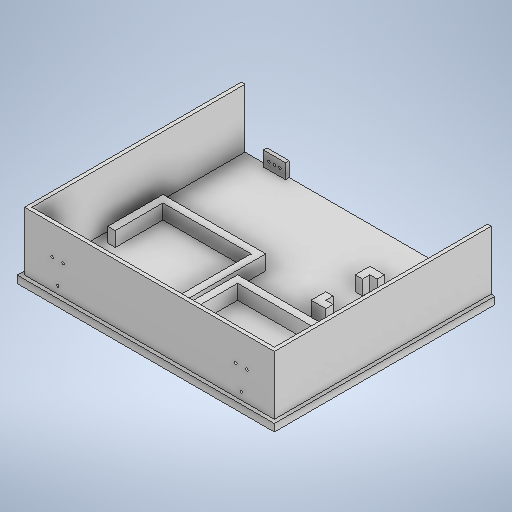
# Autodesk Inventor part: Venstre_bottom
Saved by Autodesk Inventor 2025.2 (Build 292293000, 293)
## iProperties
Created: 2025-05-13
Part Number: Venstre_bottom
Material: Generic
Document SubType Name: Modeling
Designer: lauri
Density: 1 g/cm^3
Appearance: Default
Author: lauri
Autodesk Inventor part; units mm, degrees
ref_plane "YZ Plane" through (0, 0, 0) normal (1, 0, 0) x (0, 1, 0)
ref_plane "XZ Plane" through (0, 0, 0) normal (0, 1, 0) x (-1, 0, 0)
ref_plane "XY Plane" through (0, 0, 0) normal (0, 0, 1) x (1, 0, 0)
sketch "Sketch1" plane through (0, 0, 0) normal (0, 1, 0) x (-1, 0, 0)
  line L0 (-175, 150) -> (175, 150)
  line L1 (175, 150) -> (175, -150)
  line L2 (175, -150) -> (-175, -150)
  line L3 (-175, -150) -> (-175, 150)
  line L4 (-175, 150) -> (175, -150) construction
  line L5 (175, 150) -> (-175, -150) construction
  point P0 (0, 0)
  dimension "d0" = 350
  dimension "d1" = 300
  constraints: 12 end point, 2 midpoint, 2 parallel, 1 horizontal, 1 perpendicular
  measures "d0" distance of L1.end L2.end
  measures "d1" distance of L0.end L1.end
extrude "Extrusion1" add sketch "Sketch1" along normal blind 10
sketch "Sketch2" plane through (0, 10, 0) normal (0, 1, 0) x (1, 0, 0)
  line L0 (175, 150) -> (-175, 150) projected
  line L1 (-175, 150) -> (-170, 150)
  line L2 (-170, 150) -> (-165, 150)
  line L3 (-165, 150) -> (-165, -145)
  line L4 (-165, -145) -> (-170, -145)
  line L5 (-170, -145) -> (-170, 150)
  line L6 (-170, -145) -> (170, -145)
  line L7 (170, -145) -> (170, -140)
  line L8 (170, -140) -> (-170, -140)
  line L9 (-170, -140) -> (-170, -145)
  line L10 (170, -140) -> (165, -140)
  line L11 (165, -140) -> (165, 150)
  line L12 (165, 150) -> (170, 150)
  line L13 (170, 150) -> (170, -140)
  point P0 (0, 0)
  point P1 (-170, 145)
  point P2 (170, 145)
  point P3 (-165, -140)
  point P4 (-165, -145)
  dimension "d5" = 5
  dimension "d6" = 5
  dimension "d7" = 5
  constraints: 26 end point, 6 parallel, 3 horizontal, 3 perpendicular, 2 point on line
  measures "d5" distance of L3.end L4.end
  measures "d6" distance of L7.end L6.end
  measures "d7" distance of L11.end L12.end
extrude "Extrusion2" add sketch "Sketch2" along normal blind 80 contours L13 L8 L11 L0 | L7 L6 L3 L8 | L3 L8 L5 L0 | L3 L4 L5 L8
sketch "Sketch3" plane through (-175, 0, 150) normal (0, 0, 1) x (1, 0, 0)
  line L0 (5, 10) -> (5, 90) projected
  line L1 (5, 90) -> (50, 90)
  line L2 (340, 90) -> (10, 90) projected
  line L3 (50, 90) -> (50, 20)
  line L4 (345, 10) -> (345, 90) projected
  line L5 (345, 90) -> (300, 90)
  line L6 (300, 90) -> (300, 20)
  line L7 (350, 10) -> (345, 10) projected
  line L8 (350, 10) -> (350, 90)
  point P0 (175, 0)
  point P1 (307.5, 50)
  point P2 (292.5, 50)
  point P3 (42.5, 50)
  point P4 (57.5, 50)
  dimension "d10" = 45
  dimension "d11" = 70
  dimension "d12" = 45
  dimension "d13" = 70
  constraints: 10 end point, 2 coincident, 2 point on line, 2 vertical, 1 perpendicular
  measures "d10" distance of L0.end L1.end
  measures "d11" distance of L1.end L3.end
  measures "d12" distance of L4.end L5.end
  measures "d13" distance of L5.end L6.end
sketch "Sketch4" plane through (0, 10, 0) normal (0, 1, 0) x (1, 0, 0)
  line L0 (165, 150) -> (-165, 150) projected
  line L1 (-165, 150) -> (-135, 150)
  line L2 (-135, 150) -> (-105, 150)
  line L3 (-105, 150) -> (-105, 145)
  line L4 (-105, 145) -> (-135, 145)
  line L5 (-135, 145) -> (-135, 150)
  line L6 (165, 150) -> (135, 150)
  line L7 (135, 150) -> (105, 150)
  line L8 (105, 150) -> (105, 145)
  line L9 (105, 145) -> (135, 145)
  line L10 (135, 145) -> (135, 150)
  point P0 (0, 0)
  dimension "d21" = 30
  dimension "d22" = 30
  dimension "d23" = 5
  dimension "d24" = 30
  dimension "d25" = 30
  dimension "d26" = 5
  constraints: 20 end point, 4 parallel, 2 horizontal, 2 perpendicular, 2 point on line
  measures "d21" distance of L0.end L1.end
  measures "d22" distance of L3.end L4.end
  measures "d23" distance of L2.end L3.end
  measures "d24" distance of L0.start L6.end
  measures "d25" distance of L9.end L8.end
  measures "d26" distance of L8.end L7.end
extrude "Extrusion3" add sketch "Sketch4" along normal blind 20
sketch "Sketch5" plane through (175, 0, -150) normal (0, 0, -1) x (-1, 0, 0)
  circle A0 centre (295, 20) radius 1.75 projected
  line L0 (287.5, 20) -> (295, 20)
  point P0 (175, 0)
  point P1 (302.5, 20)
  point P2 (55, 20)
  point P3 (62.5, 20)
  point P4 (47.5, 20)
  dimension "d45" = 7.5
  constraints: 2 coincident, 2 end point, 1 horizontal
  measures "d45" distance of L0.start L0.end
hole "Hole2" at (-120, 20, -150) at (-127.5, 20, -150) at (-112.5, 20, -150) at (120, 20, -150) at (112.5, 20, -150) at (127.5, 20, -150) direction (0, 0, 1) diameter 3.5 depth 10
hole "Hole3" at (-125, 20, 150) at (125, 20, 150) at (132.5, 50, 150) at (117.5, 50, 150) at (-132.5, 50, 150) at (-117.5, 50, 150) direction (0, 0, -1) diameter 3.5 depth 10
sketch "Sketch6" plane through (0, 10, 0) normal (0, 1, 0) x (1, 0, 0)
  line L0 (-165, -140) -> (165, -140) projected
  line L1 (165, -140) -> (215, -140) construction
  line L2 (-5.3553, -129.6447) -> (154.6447, -129.6447)
  line L3 (154.6447, -129.6447) -> (154.6447, -19.6447)
  line L4 (154.6447, -19.6447) -> (-5.3553, -19.6447)
  line L5 (-5.3553, -19.6447) -> (-5.3553, -129.6447)
  line L6 (-5.3553, -129.6447) -> (154.6447, -19.6447) construction
  line L7 (154.6447, -129.6447) -> (-5.3553, -19.6447) construction
  line L8 (4.6447, -119.6447) -> (144.6447, -119.6447)
  line L9 (144.6447, -119.6447) -> (144.6447, -29.6447)
  line L10 (144.6447, -29.6447) -> (4.6447, -29.6447)
  line L11 (4.6447, -29.6447) -> (4.6447, -119.6447)
  line L12 (4.6447, -119.6447) -> (144.6447, -29.6447) construction
  line L13 (144.6447, -119.6447) -> (4.6447, -29.6447) construction
  point P0 (0, 0)
  point P1 (74.6447, -74.6447)
  dimension "d51" = 160
  dimension "d52" = 110
  dimension "d70" = 140
  dimension "d71" = 90
  constraints: 26 end point, 4 parallel, 3 horizontal, 3 midpoint, 2 perpendicular
  measures "d51" distance of L4.end L3.end
  measures "d52" distance of L3.end L2.end
  measures "d70" distance of L10.end L9.end
  measures "d71" distance of L9.end L8.end
sketch "Sketch7" plane through (0, 10, 0) normal (0, 1, 0) x (1, 0, 0)
  line L0 (-165, -140) -> (165, -140) projected
  line L1 (-165, -140) -> (-150.8579, -125.8579)
  line L2 (-165, -140) -> (-145, -140) construction
  line L3 (-150.8579, -125.8579) -> (-10.8579, -125.8579)
  line L4 (-10.8579, -125.8579) -> (-10.8579, 24.1421)
  line L5 (-10.8579, 24.1421) -> (-150.8579, 24.1421)
  line L6 (-150.8579, 24.1421) -> (-150.8579, -125.8579)
  line L7 (-150.8579, -50.8579) -> (-80.8579, -50.8579)
  line L8 (-140.8579, -115.8579) -> (-20.8579, -115.8579)
  line L9 (-20.8579, -115.8579) -> (-20.8579, 14.1421)
  line L10 (-20.8579, 14.1421) -> (-140.8579, 14.1421)
  line L11 (-140.8579, 14.1421) -> (-140.8579, -115.8579)
  line L12 (-140.8579, -115.8579) -> (-20.8579, 14.1421) construction
  line L13 (-20.8579, -115.8579) -> (-140.8579, 14.1421) construction
  line L14 (-140.8579, -115.8579) -> (-150.8579, -115.8579)
  line L15 (-5.3553, -19.6447) -> (154.6447, -19.6447) projected
  line L16 (154.6447, -19.6447) -> (154.6447, 0.3553)
  line L17 (154.6447, 0.3553) -> (74.6447, 0.3553)
  line L18 (74.6447, 0.3553) -> (74.6447, 80.3553)
  line L19 (74.6447, 80.3553) -> (154.6447, 80.3553)
  line L20 (154.6447, 80.3553) -> (154.6447, 0.3553)
  line L21 (84.6447, 70.3553) -> (144.6447, 70.3553)
  line L22 (144.6447, 70.3553) -> (144.6447, 10.3553)
  line L23 (144.6447, 10.3553) -> (84.6447, 10.3553)
  line L24 (84.6447, 10.3553) -> (84.6447, 70.3553)
  line L25 (84.6447, 70.3553) -> (144.6447, 10.3553) construction
  line L26 (144.6447, 70.3553) -> (84.6447, 10.3553) construction
  line L27 (94.645, 70.3553) -> (134.645, 70.3553)
  line L28 (134.645, 70.3553) -> (134.645, 80.3553)
  line L29 (94.645, 80.3553) -> (94.645, 70.3553)
  line L30 (94.645, 10.3553) -> (134.645, 10.3553)
  line L31 (134.645, 0.3553) -> (94.645, 0.3553)
  line L32 (94.645, 80.3553) -> (134.645, 80.3553)
  line L33 (94.645, 10.3553) -> (94.645, 0.3553)
  line L34 (134.645, 10.3553) -> (94.645, 10.3553)
  line L35 (134.645, 10.3553) -> (134.645, 0.3553)
  line L36 (94.645, 0.3553) -> (134.645, 0.3553)
  line L37 (84.6447, 60.355) -> (84.6447, 20.355)
  line L38 (84.6447, 20.355) -> (74.6447, 20.355)
  line L39 (74.6447, 60.355) -> (84.6447, 60.355)
  point P0 (0, 0)
  point P1 (-140.8579, -50.8579)
  point P2 (114.6447, 40.3553)
  dimension "d55" = 20
  dimension "d56" = 45
  dimension "d57" = 140
  dimension "d58" = 150
  dimension "d59" = 120
  dimension "d60" = 130
  dimension "d61" = 20
  dimension "d62" = 80
  dimension "d63" = 80
  dimension "d75" = 60
  dimension "d76" = 60
  dimension "d77" = 40
  dimension "d78" = 40
  constraints: 76 end point, 13 point on line, 10 parallel, 10 perpendicular, 7 horizontal, 5 midpoint, 2 vertical, 1 equal length
  measures "d55" distance of L0.start L1.end
  measures "d56" angle of L2 L1
  measures "d57" distance of L5.end L4.end
  measures "d58" distance of L4.end L3.end
  measures "d59" distance of L10.end L9.end
  measures "d60" distance of L9.end L8.end
  measures "d61" distance of L15.end L16.end
  measures "d62" distance of L18.end L19.end
  measures "d63" distance of L17.end L18.end
  measures "d75" distance of L22.end L23.end
  measures "d76" distance of L21.end L22.end
  measures "d77" distance of L27.start L27.end
  measures "d78" distance of L37.start L37.end
extrude "Extrusion6" add sketch "Sketch6" along normal blind 20
extrude "Extrusion7" add sketch "Sketch7" along normal blind 20 contours L6 L14 L8 L9 L10 L11 L7 L5 L4 L3 | L17 L35 L23 L22 L21 L28 L19 L20 | L17 L18 L38 L24 L23 L33 | L29 L21 L24 L39 L18 L19
body "Solid1"
####################
• **REQUIREMENT**: Out of the data above, transcribe exactly and only the lines starting with the line that has "line L19 (74.6447, 80.3553)" and going on through the line that has "line L32 (94.645, 80.3553)", both included.

• **RESPONSE**:
  line L19 (74.6447, 80.3553) -> (154.6447, 80.3553)
  line L20 (154.6447, 80.3553) -> (154.6447, 0.3553)
  line L21 (84.6447, 70.3553) -> (144.6447, 70.3553)
  line L22 (144.6447, 70.3553) -> (144.6447, 10.3553)
  line L23 (144.6447, 10.3553) -> (84.6447, 10.3553)
  line L24 (84.6447, 10.3553) -> (84.6447, 70.3553)
  line L25 (84.6447, 70.3553) -> (144.6447, 10.3553) construction
  line L26 (144.6447, 70.3553) -> (84.6447, 10.3553) construction
  line L27 (94.645, 70.3553) -> (134.645, 70.3553)
  line L28 (134.645, 70.3553) -> (134.645, 80.3553)
  line L29 (94.645, 80.3553) -> (94.645, 70.3553)
  line L30 (94.645, 10.3553) -> (134.645, 10.3553)
  line L31 (134.645, 0.3553) -> (94.645, 0.3553)
  line L32 (94.645, 80.3553) -> (134.645, 80.3553)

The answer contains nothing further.